Le panache de fumée, les machinistes qui montent à bord. Pas de doute. Le départ est imminent !

L’Association du « Train à vapeur d’Auvergne » n’est constituée que de bénévoles. Une quarantaine, venus de toute la France et qui font perdurer la vie de cette puissante machine américaine. La « 141 R420 », de son petit nom, est en effet une mécanique outre-atlantique, construite après-guerre aux Etats-Unis et livrée à la France pour son plan de reconstruction. Les américains ont acheminé, en tout, 1300 modèles de cette locomotive à vapeur. Celle qui circule désormais sous les couleurs du « Train à vapeur d’Auvergne » est la dernière en activité, sauvée de la fonte par un groupe de passionnés. Ce fut d’ailleurs la dernière locomotive à vapeur exploitée en France par la SNCF. Elle a effectué le dernier voyage commercial de l’hexagone, 100% au charbon.  Elle est, de ce fait, inscrite aux Monuments Historiques !

Un grand coup de chapeau, donc, à cette association qui fait revivre plusieurs fois par an l’âme de cette ÉNORME machine à vapeur. Tous, dans leur domaine. Les conducteurs, bien sûr, les machinistes, les personnels à quai, les personnels dans le train, les vendeurs à l’espace bar ou à la boutique… Ils étaient nombreux, et fiers. Et c’était peut-être là l’essentiel.
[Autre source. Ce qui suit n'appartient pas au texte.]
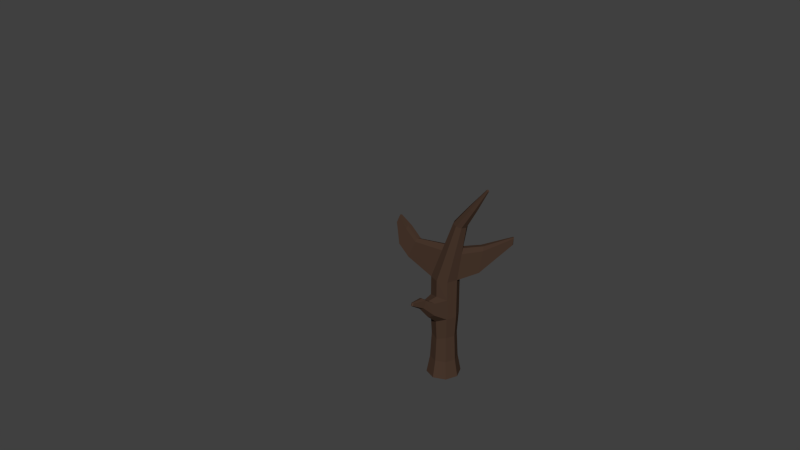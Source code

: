 # Source: lowpoly_tree.blend  (saved by Blender 2.71.0; exported with 4.5.12 LTS)
import bpy
from mathutils import Matrix  # noqa: F401  (used for matrix-valued properties, if any)

bpy.ops.wm.read_factory_settings(use_empty=True)
scene = bpy.context.scene
scene.name = 'Scene'

# ---- collections
col_collection_1 = bpy.data.collections.new('Collection 1'); scene.collection.children.link(col_collection_1)
col_collection_2 = bpy.data.collections.new('Collection 2'); scene.collection.children.link(col_collection_2)
col_collection_2.hide_render = True
col_collection_2.hide_viewport = True

# ---- materials (node trees are filled in below, after node groups)
mat_bark = bpy.data.materials.new('Bark')
mat_bark.alpha_threshold = 0.0
mat_bark.diffuse_color = (0.06663, 0.0382, 0.02624, 1.0)
mat_bark.roughness = 0.5
mat_bark.line_color = (0.0, 0.0, 0.0, 1.0)
mat_leaves2 = bpy.data.materials.new('Leaves2')
mat_leaves2.alpha_threshold = 0.0
mat_leaves2.diffuse_color = (0.2582, 0.7991, 0.04231, 1.0)
mat_leaves2.roughness = 0.5
mat_leaves2.line_color = (0.0, 0.0, 0.0, 1.0)
mat_leaves2_2 = bpy.data.materials.new('Leaves2-2')
mat_leaves2_2.alpha_threshold = 0.0
mat_leaves2_2.diffuse_color = (0.1683, 0.5271, 0.07036, 1.0)
mat_leaves2_2.roughness = 0.5
mat_leaves2_2.line_color = (0.0, 0.0, 0.0, 1.0)
mat_leaves2_3 = bpy.data.materials.new('Leaves2-3')
mat_leaves2_3.alpha_threshold = 0.0
mat_leaves2_3.diffuse_color = (0.1498, 0.477, 0.06744, 1.0)
mat_leaves2_3.roughness = 0.5
mat_leaves2_3.line_color = (0.0, 0.0, 0.0, 1.0)
mat_leave = bpy.data.materials.new('Leave')
mat_leave.alpha_threshold = 0.0
mat_leave.diffuse_color = (0.02624, 0.1529, 0.0185, 1.0)
mat_leave.roughness = 0.5
mat_leave.line_color = (0.0, 0.0, 0.0, 1.0)

# ---- material node trees
mat_bark.use_nodes = True; mat_bark.node_tree.nodes.clear()
_N = mat_bark.node_tree.nodes; _L = mat_bark.node_tree.links
n0 = _N.new('ShaderNodeOutputMaterial'); n0.name = 'Material Output'; n0.location = (300, 300)
n1 = _N.new('ShaderNodeBsdfDiffuse'); n1.name = 'Diffuse BSDF'; n1.location = (10, 300)
n1.inputs[0].default_value = (0.06681, 0.03844, 0.0259, 1.0)
_L.new(n1.outputs[0], n0.inputs[0])
n0.is_active_output = True
mat_leaves2.use_nodes = True; mat_leaves2.node_tree.nodes.clear()
_N = mat_leaves2.node_tree.nodes; _L = mat_leaves2.node_tree.links
n0 = _N.new('ShaderNodeOutputMaterial'); n0.name = 'Material Output'; n0.location = (300, 300)
n1 = _N.new('ShaderNodeBsdfDiffuse'); n1.name = 'Diffuse BSDF'; n1.location = (10, 300)
n1.inputs[0].default_value = (0.2577, 0.8, 0.04293, 1.0)
_L.new(n1.outputs[0], n0.inputs[0])
n0.is_active_output = True
mat_leaves2_2.use_nodes = True; mat_leaves2_2.node_tree.nodes.clear()
_N = mat_leaves2_2.node_tree.nodes; _L = mat_leaves2_2.node_tree.links
n0 = _N.new('ShaderNodeOutputMaterial'); n0.name = 'Material Output'; n0.location = (300, 300)
n1 = _N.new('ShaderNodeBsdfDiffuse'); n1.name = 'Diffuse BSDF'; n1.location = (10, 300)
n1.inputs[0].default_value = (0.1678, 0.5271, 0.07035, 1.0)
_L.new(n1.outputs[0], n0.inputs[0])
n0.is_active_output = True
mat_leaves2_3.use_nodes = True; mat_leaves2_3.node_tree.nodes.clear()
_N = mat_leaves2_3.node_tree.nodes; _L = mat_leaves2_3.node_tree.links
n0 = _N.new('ShaderNodeOutputMaterial'); n0.name = 'Material Output'; n0.location = (300, 300)
n1 = _N.new('ShaderNodeBsdfDiffuse'); n1.name = 'Diffuse BSDF'; n1.location = (10, 300)
n1.inputs[0].default_value = (0.1204, 0.3757, 0.05516, 1.0)
_L.new(n1.outputs[0], n0.inputs[0])
n0.is_active_output = True
mat_leave.use_nodes = True; mat_leave.node_tree.nodes.clear()
_N = mat_leave.node_tree.nodes; _L = mat_leave.node_tree.links
n0 = _N.new('ShaderNodeOutputMaterial'); n0.name = 'Material Output'; n0.location = (300, 300)
n1 = _N.new('ShaderNodeBsdfDiffuse'); n1.name = 'Diffuse BSDF'; n1.location = (10, 300)
n1.inputs[0].default_value = (0.02576, 0.1523, 0.01882, 1.0)
_L.new(n1.outputs[0], n0.inputs[0])
n0.is_active_output = True

# ---- world
world_world = bpy.data.worlds.new('World'); scene.world = world_world
world_world.color = (0.05088, 0.05088, 0.05088)
world_world.use_sun_shadow = False
world_world.sun_shadow_jitter_overblur = 0.0
world_world.cycles.sampling_method = 'MANUAL'
world_world.cycles.sample_map_resolution = 256

# ---- meshes
me_cylinder_007 = bpy.data.meshes.new('Cylinder.007')
me_cylinder_007.from_pydata([(1.805e-09, 1.242, -1.0), (0.0, 1.0, 1.0), (0.8784, 0.8784, -1.0), (0.7071, 0.7071, 1.0), (1.242, -5.43e-08, -1.0), (1.0, -4.371e-08, 1.0), (0.8784, -0.8784, -1.0), (0.7071, -0.7071, 1.0), (-1.068e-07, -1.242, -1.0), (-8.742e-08, -1.0, 1.0), (-0.8784, -0.8784, -1.0), (-0.7071, -0.7071, 1.0), (-1.242, 1.481e-08, -1.0), (-1.0, 1.192e-08, 1.0), (-0.8784, 0.8784, -1.0), (-0.7071, 0.7071, 1.0), (0.0, 1.0, 1.0), (0.7071, 0.7071, 1.0), (1.0, -4.371e-08, 1.0), (0.7071, -0.7071, 1.0), (-8.742e-08, -1.0, 1.0), (-0.7071, -0.7071, 1.0), (-1.0, 1.192e-08, 1.0), (-0.7071, 0.7071, 1.0), (0.0, 1.0, 1.0), (0.7239, 0.7331, 0.9854), (1.0, -4.371e-08, 1.0), (0.7071, -0.7071, 1.0), (-8.742e-08, -1.0, 1.0), (-0.7071, -0.7071, 1.0), (-1.0, 1.192e-08, 1.0), (-0.7071, 0.7071, 1.0), (3.288, 0.09377, 2.91), (3.341, 0.0663, 2.9), (3.363, -1.704e-07, 2.896), (3.341, -0.0663, 2.9), (3.288, -0.09377, 2.91), (3.235, -0.0663, 2.92), (3.213, -1.802e-07, 2.924), (3.235, 0.0663, 2.92), (1.168, 0.5165, 2.12), (0.8166, 0.3652, 2.138), (0.6711, -1.567e-07, 2.146), (0.8166, -0.3652, 2.138), (1.168, -0.5165, 2.12), (1.519, -0.3652, 2.101), (1.664, -1.576e-07, 2.093), (1.519, 0.3652, 2.101), (0.0, 1.0, -0.6633), (0.7071, 0.7071, -0.6633), (1.0, -4.371e-08, -0.6633), (0.7071, -0.7071, -0.6633), (-8.742e-08, -1.0, -0.6633), (-0.7071, -0.7071, -0.6633), (-1.0, 1.192e-08, -0.6633), (-0.7071, 0.7071, -0.6633), (1.974, 0.2398, 2.52), (1.881, -1.679e-07, 2.526), (1.974, -0.2398, 2.52), (2.199, -0.3391, 2.504), (2.424, -0.2398, 2.488), (2.517, -1.631e-07, 2.482), (2.424, 0.2398, 2.488), (2.199, 0.3391, 2.504), (0.5852, 0.7577, 1.561), (0.05646, 0.5358, 1.57), (-0.07665, -0.02009, 1.626), (0.05646, -0.5358, 1.57), (0.5852, -0.7577, 1.561), (1.114, -0.5358, 1.552), (1.333, -1.008e-07, 1.548), (1.073, 0.4377, 1.598), (-3.506, -0.593, 1.46), (-3.332, -0.1682, 1.458), (-3.332, -1.018, 1.458), (-2.81, -0.2712, 1.792), (-2.882, -0.6051, 1.826), (-2.81, -0.9148, 1.792), (-2.181, -0.6707, 1.558), (-2.254, -0.361, 1.592), (-2.181, -0.02708, 1.558), (-2.704, -0.7737, 1.224), (-2.704, 0.07585, 1.224), (-2.878, -0.3489, 1.227), (0.0, 1.0, 0.6375), (0.7071, 0.7071, 0.6375), (1.0, -4.371e-08, 0.6375), (0.7071, -0.7071, 0.6375), (-0.0137, -0.9812, 0.6812), (-0.7071, -0.7071, 0.6375), (-1.0, 1.192e-08, 0.6375), (-0.7142, 0.7156, 0.6741), (0.0, 1.0, 0.2457), (0.7071, 0.7071, 0.2457), (1.0, -4.371e-08, 0.2457), (0.7071, -0.7071, 0.2457), (-0.008101, -0.9934, 0.1673), (-0.7071, -0.7071, 0.2457), (-1.0, 1.192e-08, 0.2457), (-0.6967, 0.6947, 0.1922), (0.7071, -0.7071, 0.6375), (-0.0137, -0.9812, 0.6812), (-0.7071, -0.7071, 0.6375), (0.7071, -0.7071, 0.2457), (-0.008101, -0.9934, 0.1673), (-0.7071, -0.7071, 0.2457), (0.3264, -1.574, 0.6377), (-0.1263, -1.746, 0.6652), (-0.5618, -1.574, 0.6377), (0.3264, -1.574, 0.3917), (-0.1228, -1.754, 0.3424), (-0.5618, -1.574, 0.3917), (0.3264, -1.574, 0.6377), (-0.1263, -1.746, 0.6652), (-0.5618, -1.574, 0.6377), (0.3264, -1.574, 0.3917), (-0.1228, -1.754, 0.3424), (-0.5618, -1.574, 0.3917), (0.03717, -2.22, 0.7492), (-0.2351, -2.279, 0.7743), (-0.4908, -2.187, 0.7514), (0.01643, -2.408, 0.6108), (-0.2605, -2.53, 0.5931), (-0.5115, -2.375, 0.613), (-0.2058, -3.262, 0.7907), (-0.2956, -3.281, 0.799), (-0.3799, -3.251, 0.7914), (-0.2126, -3.324, 0.745), (-0.3039, -3.364, 0.7392), (-0.3867, -3.313, 0.7458), (1.351, 1.718, 1.157), (1.951, 1.497, 1.145), (2.18, 0.8895, 1.157), (1.836, 1.517, 1.621), (2.455, 0.8895, 1.61), (2.24, 1.252, 1.652), (3.582, 2.618, 1.694), (3.761, 2.553, 1.69), (3.829, 2.372, 1.694), (3.727, 2.559, 1.832), (3.911, 2.372, 1.829), (3.847, 2.48, 1.841), (-0.6833, 1.664, 0.7043), (-1.368, 0.9786, 0.7043), (-1.173, 1.469, 0.7294), (-0.6833, 1.664, 0.4359), (-1.368, 0.9786, 0.4359), (-1.161, 1.454, 0.3993), (-1.229, 1.948, 0.7348), (-1.615, 1.562, 0.7348), (-1.504, 1.839, 0.7489), (-1.229, 1.948, 0.5835), (-1.615, 1.562, 0.5835), (-1.498, 1.83, 0.5629), (-1.872, 1.972, 0.8513), (-2.065, 1.779, 0.8513), (-2.01, 1.917, 0.8583), (-1.872, 1.972, 0.7758), (-2.065, 1.779, 0.7758), (-2.007, 1.913, 0.7654), (-3.555, -0.9126, 1.883), (-3.484, -0.741, 1.882), (-3.484, -1.084, 1.882), (-3.273, -0.7826, 2.017), (-3.303, -0.9174, 2.031), (-3.273, -1.043, 2.017), (1.595e-05, 0.9, -0.1668), (0.6364, 0.6364, -0.1668), (0.9, -3.955e-05, -0.1668), (0.6364, -0.6364, -0.1668), (-0.003973, -0.8968, -0.2054), (-0.6364, -0.6364, -0.1668), (-0.9, -3.95e-05, -0.1668), (-0.6312, 0.6302, -0.1931)], [], [(84, 1, 3, 85), (85, 3, 5, 86), (86, 5, 7, 87), (87, 7, 9, 88), (88, 9, 11, 89), (89, 11, 13, 90), (1, 15, 23, 16), (91, 15, 1, 84), (90, 13, 15, 91), (0, 2, 4, 6, 8, 10, 12, 14), (16, 23, 31, 24), (15, 13, 22, 23), (13, 11, 21, 22), (11, 9, 20, 21), (9, 7, 19, 20), (7, 5, 18, 19), (5, 3, 17, 18), (3, 1, 16, 17), (63, 56, 39, 32), (23, 22, 30, 31), (22, 21, 29, 30), (21, 20, 28, 29), (20, 19, 27, 28), (19, 18, 26, 27), (18, 17, 25, 26), (17, 16, 24, 25), (33, 32, 39, 38, 37, 36, 35, 34), (56, 57, 38, 39), (57, 58, 37, 38), (58, 59, 36, 37), (59, 60, 35, 36), (60, 61, 34, 35), (61, 62, 33, 34), (62, 63, 32, 33), (64, 65, 41, 40), (65, 66, 42, 41), (66, 67, 43, 42), (67, 68, 44, 43), (68, 69, 45, 44), (69, 70, 46, 45), (70, 71, 47, 46), (71, 64, 40, 47), (0, 48, 49, 2), (2, 49, 50, 4), (4, 50, 51, 6), (6, 51, 52, 8), (8, 52, 53, 10), (10, 53, 54, 12), (14, 55, 48, 0), (12, 54, 55, 14), (40, 41, 56, 63), (41, 42, 57, 56), (42, 43, 58, 57), (43, 44, 59, 58), (44, 45, 60, 59), (45, 46, 61, 60), (46, 47, 62, 61), (47, 40, 63, 62), (24, 31, 65, 64), (76, 75, 163, 164), (83, 81, 74, 72), (29, 28, 68, 67), (28, 27, 69, 68), (27, 26, 70, 69), (71, 70, 134, 135), (64, 71, 135, 133), (81, 78, 77, 74), (79, 80, 75, 76), (82, 83, 72, 73), (80, 82, 73, 75), (78, 79, 76, 77), (66, 65, 80, 79), (67, 66, 79, 78), (29, 67, 78, 81), (65, 31, 82, 80), (31, 30, 83, 82), (30, 29, 81, 83), (92, 84, 85, 93), (93, 85, 86, 94), (94, 86, 87, 95), (96, 95, 103, 104), (97, 96, 104, 105), (97, 89, 90, 98), (92, 99, 147, 145), (99, 98, 146, 147), (166, 92, 93, 167), (167, 93, 94, 168), (168, 94, 95, 169), (169, 95, 96, 170), (170, 96, 97, 171), (171, 97, 98, 172), (173, 99, 92, 166), (172, 98, 99, 173), (104, 103, 109, 110), (105, 104, 110, 111), (89, 97, 105, 102), (95, 87, 100, 103), (88, 89, 102, 101), (87, 88, 101, 100), (110, 109, 115, 116), (111, 110, 116, 117), (102, 105, 111, 108), (103, 100, 106, 109), (101, 102, 108, 107), (100, 101, 107, 106), (116, 115, 121, 122), (117, 116, 122, 123), (108, 111, 117, 114), (109, 106, 112, 115), (107, 108, 114, 113), (106, 107, 113, 112), (122, 121, 127, 128), (123, 122, 128, 129), (114, 117, 123, 120), (115, 112, 118, 121), (113, 114, 120, 119), (112, 113, 119, 118), (127, 124, 125, 128), (128, 125, 126, 129), (120, 123, 129, 126), (121, 118, 124, 127), (119, 120, 126, 125), (118, 119, 125, 124), (135, 134, 140, 141), (133, 135, 141, 139), (70, 26, 132, 134), (24, 64, 133, 130), (26, 25, 131, 132), (25, 24, 130, 131), (138, 137, 141, 140), (137, 136, 139, 141), (134, 132, 138, 140), (130, 133, 139, 136), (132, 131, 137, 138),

Participer à cette grande réunion d’une famille de passionnés et profiter d’un riche moment de partage.

Nombreux sont les bénévoles dans l'association "Train à vapeur d'Auvergne", souvent en habits d'époque !

Nombreux sont les bénévoles dans l’association « Train à vapeur d’Auvergne », souvent en habits d’époque !

Silhouette d'un "cheminot" aux commande de la 141R420.

Silhouette d’un « cheminot » aux commande de la 141R420.

Départ de Perrache, de nuit, pour le voyage retour du train à vapeur d'Auvergne.

Départ de Perrache, de nuit, pour le voyage retour du « Train à vapeur d’Auvergne ».

 


FOCUS : La Fête des Lumières de Lyon

Comment ne pas parler de la Fête des Lumières de Lyon ? Nos chers voisins, à l’est du Massif Central, méritent de nous attarder. Surtout pour cette période si particulière de début décembre. Lyon fête ici, d’abord, une fête religieuse : celle du 8 décembre, la fête de l’immaculée conception ou de la Vierge Marie. Le 8 décembre est donc, avant tout, une célébration catholique. À l’origine, le peuple lyonnais disposait sur ses rebordes de fenêtres de petites bougies et des petits lumignons pour fêter Marie. Cette tradition perdure encore aujourd’hui très fortement dans les arrondissements lyonnais.

La Fête des Lumières, désormais, est surtout une fête populaire importante. Parfois trop, tant sa réputation est tout aussi positive pour le spectacle, que négative pour la quantité de personnes présentes et les difficultés pour se déplacer. Le jeu en vaut nettement la chandelle, mais soyez préparé à être bousculé, à devoir suivre la foule et parfois à être emporté.

Lyon "multicuturel" (et bondé) à l'occasion de la fête des Lumières 2016.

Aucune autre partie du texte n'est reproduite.